Functional annotation

In the introduction we already mentioned that GO terms and InterPro domains can be used to search genes in PLAZA. However, there are several other pages that allow users to browse and analyze functional annotation.

Parent-child GO term relationships

In this section we will explain the basic functionality of PLAZA when working with GO terms. Here we will demonstrate how to find genes associated with a certain GO term and explain how the relationships between GO terms can be used to retrieve more detailed or more general information.

Table 1: parent-child GO relationships
  • First start with finding the GO term for photosynthesis using the search function. (Result)
  • Already from the pie chart on the GO page it's clear that all species have genes associated with this label. Note that the green algae Ostreococcus and Chlamydomonas have less genes.
 
Figure 1: WGMapping of GO terms bounded by parent-child relationships
  • We select ToolboxView the genome wide organization of this GO term. By selecting Arabidopsis thaliana as organism, we can now see where the genes involved in photosynthesis are located on the chromsomes in Arabidopsis thaliana. All red ticks represent block duplicated genes covering ~28% of all Arabidopsis genes annotated using the GO term GO:0015979 Photosynthesis.
  • On the GO page we can click in the toolbox on ToolboxView child GO terms. (Result) Note that the more specific GO terms typically contain less genes since they represent more specific or detailed biological information (typically obtained through an experimental approach). Although by default the most specific GO term is associated to a gene product, the parent-child relationships between GO terms make it possible to search for all genes related to a more general GO term in PLAZA (i.e. a gene annotated with the GO term photoinhibition is by default also annotated with the term photosynthesis).
 
  • Here we select photosynthesis, light reaction GO:0019684, and again we view the genome wide organization of this GO term. Repeat this operation with child GO term photosynthesis, light harvesting GO:0009765.
  • Finally we end up with 3 images depicting the genome wide organization of genes associated with GO terms that are connected through direct parent-child relationships in the GO graph.

Mapping InterPro domains on gene families and phylogenetic trees

Here we will demonstrate how to explore InterPro domains mapped on a set of gene families and the corresponding phylogenetic tree(s).

  • First we start by searching for the keyword auxin in the toolbar (using GO/InterPro description).
  • We select the IPR003676 InterPro domain, which has Auxin responsive SAUR protein as description.
  • In the toolbox, we click on ToolboxView the associated gene families. (Result) This table shows all the gene families covering genes annotated with this InterPro domain.
  • We select gene family HOM000226, and go to ToolboxExplore the phylogenetic tree of this gene family. (Result)
  • Here we can use the ATV tree viewer 'Explore the phylogenetic trees of this gene family' to further analyze the distribution of this InterPro domain in this gene family.
Figure 2. Phylogenetic tree of a gene family, showing the various InterPro domains associated with genes of this gene family.

Browsing genes in species lacking functional annotation

While PLAZA contains a functional annotation (~free-text gene description or InterPro/GO associations) for most organisms, some species lack GO or InterPro annotations. In this tutorial we will once again use the photosynthesis example in order to discover genes in Carica Papaya which, based on sequence similarity, are associated with photosynthesis in plants.

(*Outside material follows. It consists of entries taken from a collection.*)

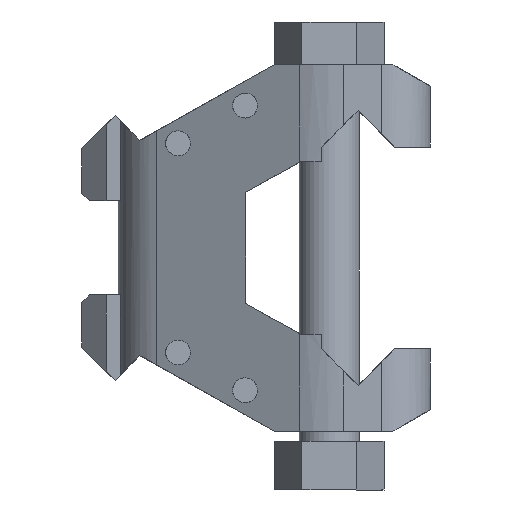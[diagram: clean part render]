
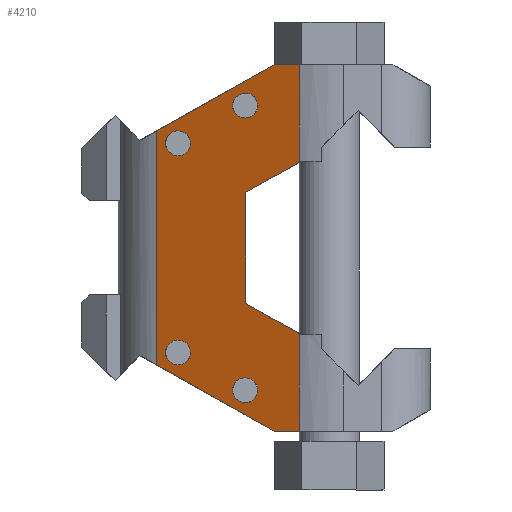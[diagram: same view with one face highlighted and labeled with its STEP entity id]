
A CAD part, left-side view. The second image highlights one B-rep face of the part: STEP entity #4210.
In plain terms, the highlighted planar face has unit normal (-0.904, 0.428, 0).
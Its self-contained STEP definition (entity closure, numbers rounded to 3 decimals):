
#57=FACE_BOUND('',#526,.T.);
#58=FACE_BOUND('',#527,.T.);
#59=FACE_BOUND('',#528,.T.);
#60=FACE_BOUND('',#529,.T.);
#104=PLANE('',#4488);
#294=FACE_OUTER_BOUND('',#525,.T.);
#525=EDGE_LOOP('',(#3103,#3104,#3105,#3106,#3107,#3108,#3109,#3110,#3111,
#3112));
#526=EDGE_LOOP('',(#3113));
#527=EDGE_LOOP('',(#3114));
#528=EDGE_LOOP('',(#3115));
#529=EDGE_LOOP('',(#3116));
#754=ELLIPSE('',#4489,1.134,1.025);
#755=ELLIPSE('',#4490,1.134,1.025);
#756=ELLIPSE('',#4491,1.134,1.025);
#757=ELLIPSE('',#4492,1.134,1.025);
#800=LINE('',#5974,#1296);
#819=LINE('',#6037,#1315);
#882=LINE('',#6189,#1378);
#913=LINE('',#6255,#1409);
#919=LINE('',#6360,#1415);
#920=LINE('',#6362,#1416);
#921=LINE('',#6364,#1417);
#922=LINE('',#6366,#1418);
#923=LINE('',#6368,#1419);
#924=LINE('',#6369,#1420);
#1296=VECTOR('',#4792,10.);
#1315=VECTOR('',#4847,10.);
#1378=VECTOR('',#4972,10.);
#1409=VECTOR('',#5013,10.);
#1415=VECTOR('',#5023,10.);
#1416=VECTOR('',#5024,10.);
#1417=VECTOR('',#5025,10.);
#1418=VECTOR('',#5026,10.);
#1419=VECTOR('',#5027,10.);
#1420=VECTOR('',#5028,10.);
#1859=VERTEX_POINT('',#5971);
#1860=VERTEX_POINT('',#5973);
#1885=VERTEX_POINT('',#6034);
#1886=VERTEX_POINT('',#6036);
#1943=VERTEX_POINT('',#6186);
#1944=VERTEX_POINT('',#6188);
#1984=VERTEX_POINT('',#6361);
#1985=VERTEX_POINT('',#6363);
#1986=VERTEX_POINT('',#6365);
#1987=VERTEX_POINT('',#6367);
#1988=VERTEX_POINT('',#6370);
#1989=VERTEX_POINT('',#6372);
#1990=VERTEX_POINT('',#6374);
#1991=VERTEX_POINT('',#6376);
#2280=EDGE_CURVE('',#1859,#1860,#800,.T.);
#2311=EDGE_CURVE('',#1885,#1886,#819,.T.);
#2385=EDGE_CURVE('',#1943,#1944,#882,.T.);
#2419=EDGE_CURVE('',#1944,#1885,#913,.T.);
#2430=EDGE_CURVE('',#1860,#1943,#919,.T.);
#2431=EDGE_CURVE('',#1984,#1859,#920,.T.);
#2432=EDGE_CURVE('',#1985,#1984,#921,.T.);
#2433=EDGE_CURVE('',#1986,#1985,#922,.T.);
#2434=EDGE_CURVE('',#1987,#1986,#923,.T.);
#2435=EDGE_CURVE('',#1886,#1987,#924,.T.);
#2436=EDGE_CURVE('',#1988,#1988,#754,.T.);
#2437=EDGE_CURVE('',#1989,#1989,#755,.T.);
#2438=EDGE_CURVE('',#1990,#1990,#756,.T.);
#2439=EDGE_CURVE('',#1991,#1991,#757,.T.);
#3103=ORIENTED_EDGE('',*,*,#2385,.F.);
#3104=ORIENTED_EDGE('',*,*,#2430,.F.);
#3105=ORIENTED_EDGE('',*,*,#2280,.F.);
#3106=ORIENTED_EDGE('',*,*,#2431,.F.);
#3107=ORIENTED_EDGE('',*,*,#2432,.F.);
#3108=ORIENTED_EDGE('',*,*,#2433,.F.);
#3109=ORIENTED_EDGE('',*,*,#2434,.F.);
#3110=ORIENTED_EDGE('',*,*,#2435,.F.);
#3111=ORIENTED_EDGE('',*,*,#2311,.F.);
#3112=ORIENTED_EDGE('',*,*,#2419,.F.);
#3113=ORIENTED_EDGE('',*,*,#2436,.F.);
#3114=ORIENTED_EDGE('',*,*,#2437,.F.);
#3115=ORIENTED_EDGE('',*,*,#2438,.F.);
#3116=ORIENTED_EDGE('',*,*,#2439,.F.);
#4210=ADVANCED_FACE('',(#294,#57,#58,#59,#60),#104,.F.);
#4488=AXIS2_PLACEMENT_3D('',#6359,#5021,#5022);
#4489=AXIS2_PLACEMENT_3D('',#6371,#5029,#5030);
#4490=AXIS2_PLACEMENT_3D('',#6373,#5031,#5032);
#4491=AXIS2_PLACEMENT_3D('',#6375,#5033,#5034);
#4492=AXIS2_PLACEMENT_3D('',#6377,#5035,#5036);
#4792=DIRECTION('',(0.428,0.904,0.));
#4847=DIRECTION('',(-0.428,-0.904,0.));
#4972=DIRECTION('',(0.,0.,1.));
#5013=DIRECTION('',(-0.381,-0.806,0.453));
#5021=DIRECTION('center_axis',(0.904,-0.428,0.));
#5022=DIRECTION('ref_axis',(0.428,0.904,0.));
#5023=DIRECTION('',(0.381,0.806,0.453));
#5024=DIRECTION('',(0.,0.,-1.));
#5025=DIRECTION('',(-0.381,-0.806,-0.453));
#5026=DIRECTION('',(0.,0.,-1.));
#5027=DIRECTION('',(0.381,0.806,-0.453));
#5028=DIRECTION('',(0.,0.,-1.));
#5029=DIRECTION('center_axis',(-0.904,0.428,0.));
#5030=DIRECTION('ref_axis',(0.428,0.904,0.));
#5031=DIRECTION('center_axis',(-0.904,0.428,0.));
#5032=DIRECTION('ref_axis',(0.428,0.904,0.));
#5033=DIRECTION('center_axis',(-0.904,0.428,0.));
#5034=DIRECTION('ref_axis',(0.428,0.904,0.));
#5035=DIRECTION('center_axis',(-0.904,0.428,0.));
#5036=DIRECTION('ref_axis',(0.428,0.904,0.));
#5971=CARTESIAN_POINT('',(14.005,189.815,149.934));
#5973=CARTESIAN_POINT('',(14.965,191.844,149.934));
#5974=CARTESIAN_POINT('',(16.126,194.299,149.934));
#6034=CARTESIAN_POINT('',(14.965,191.844,180.107));
#6036=CARTESIAN_POINT('',(14.005,189.815,180.107));
#6037=CARTESIAN_POINT('',(18.006,198.273,180.107));
#6186=CARTESIAN_POINT('',(19.567,201.573,155.409));
#6188=CARTESIAN_POINT('',(19.567,201.573,174.632));
#6189=CARTESIAN_POINT('',(19.567,201.573,155.546));
#6255=CARTESIAN_POINT('',(22.534,207.844,171.103));
#6359=CARTESIAN_POINT('Origin',(13.189,188.09,149.934));
#6360=CARTESIAN_POINT('',(17.381,196.951,152.808));
#6361=CARTESIAN_POINT('',(14.005,189.815,157.972));
#6362=CARTESIAN_POINT('',(14.005,189.815,152.029));
#6363=CARTESIAN_POINT('',(16.096,194.235,160.46));
#6364=CARTESIAN_POINT('',(17.516,197.237,162.149));
#6365=CARTESIAN_POINT('',(16.096,194.235,169.582));
#6366=CARTESIAN_POINT('',(16.096,194.235,161.477));
#6367=CARTESIAN_POINT('',(14.005,189.815,172.069));
#6368=CARTESIAN_POINT('',(18.771,199.89,166.399));
#6369=CARTESIAN_POINT('',(14.005,189.815,152.029));
#6370=CARTESIAN_POINT('',(18.24,198.768,156.416));
#6371=CARTESIAN_POINT('Origin',(18.725,199.793,156.416));
#6372=CARTESIAN_POINT('',(15.63,193.25,176.731));
#6373=CARTESIAN_POINT('Origin',(16.115,194.275,176.731));
#6374=CARTESIAN_POINT('',(15.63,193.25,153.31));
#6375=CARTESIAN_POINT('Origin',(16.115,194.275,153.31));
#6376=CARTESIAN_POINT('',(18.24,198.768,173.625));
#6377=CARTESIAN_POINT('Origin',(18.725,199.793,173.625));

  • We start with finding the GO term for photosynthesis using the search function (Result)
  • We arrive at the GO page and in the toolbox on this page, click on ToolboxView the associated gene families. (Result)
  • The table on this page displays which gene families contain genes associated with a certain GO term (in this case GO:0015979), and other information is also given, eg. How many genes are there in total in the gene families?, How many of these genes are annotated using this GO term?, etc.
  • When we consider it likely that most green plants will have a rather similar amount of genes related to photosynthesis, the first gene family (HOM000102) in the table seems a likely candidate for further investigation (~ two thirds of all genes are annotated with this GO term).(Result)
  • The gene family page shows that Carica Papaya has 17 genes in this gene family. Clicking on the pie-chart part of Carica Papaya redirects us to the list of Papaya genes in gene family HOM0000102 (Result)
  • For each of these genes, we have no direct functional information. However, by clicking on a gene we are redirected to its respective gene page. At each gene page, we can BLAST this gene against the NCBI database of genes by clicking on ToolboxView BLAST hits against NCBI's protein database.
  • When examining the BLAST results for gene CP00008G00050 it is quite apparent that most of the BLAST hits have a description related to chlorophyll binding and can thus be said to be associated with photosynthesis (with a highly significant e-value). Therefore, the associated gene families provide a practical entry point to transfer functional annotations between species using gene homology.